* [Work item]: Where in the records does the word "Pojos" appear? Copy each line that holds it.
-- Records shown follows --
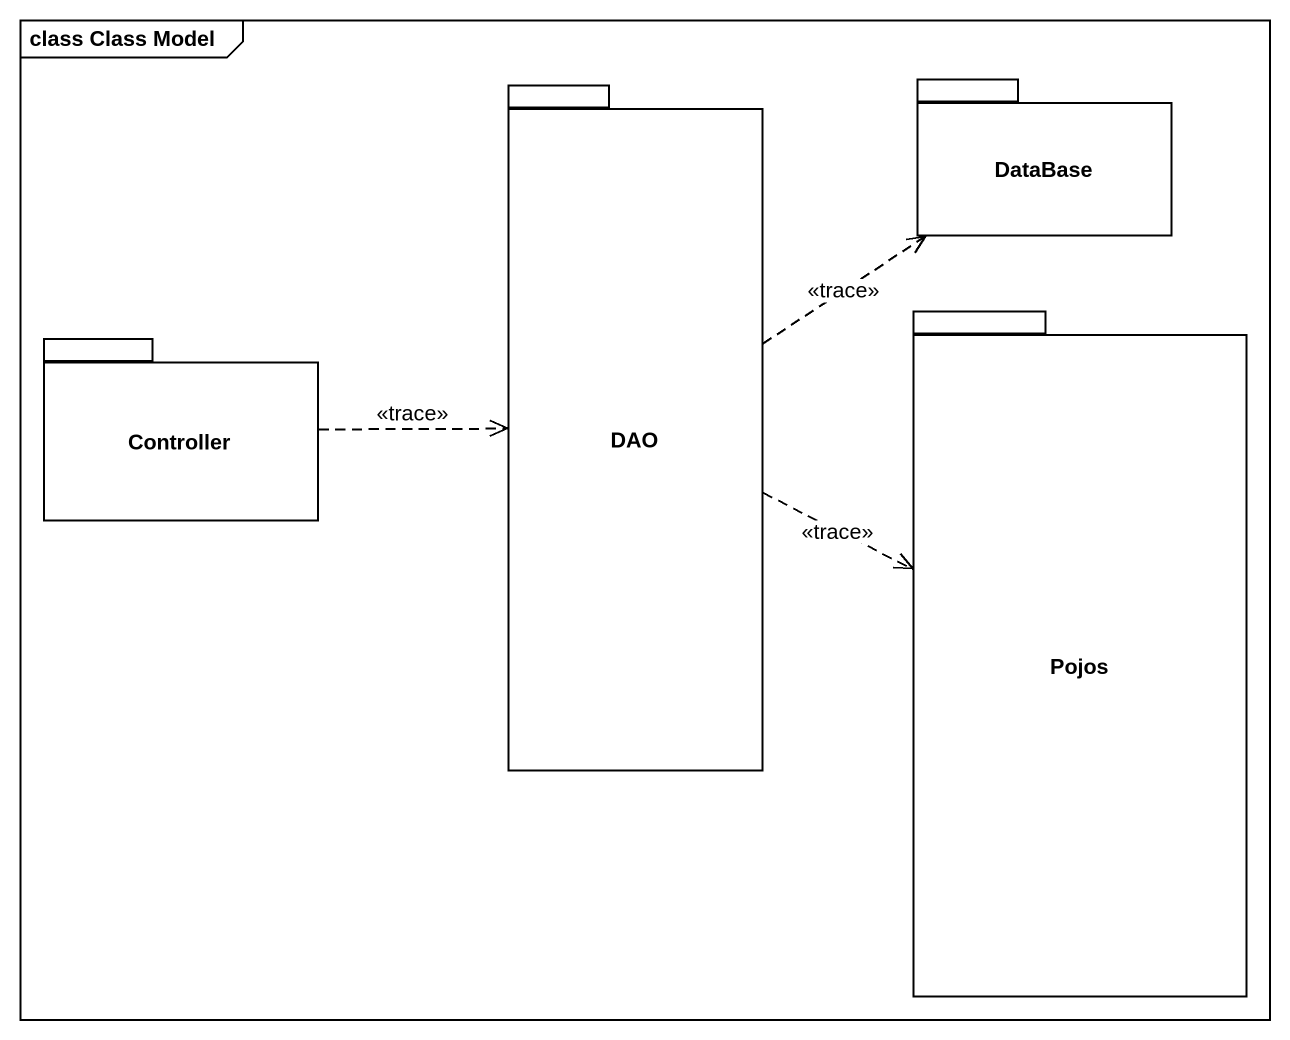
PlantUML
@startuml
mainframe class Class Model
package DAO {
}
package "DataBase" as DataBase_ {
}
package Pojos {
}
package Controller {
}
DAO .up.> DataBase_ : <<trace>>
DAO .right.> Pojos : <<trace>>
Controller .right.> DAO : <<trace>>
@enduml
-- Records shown concluded --
* [Answer section]:
package Pojos {
DAO .right.> Pojos : <<trace>>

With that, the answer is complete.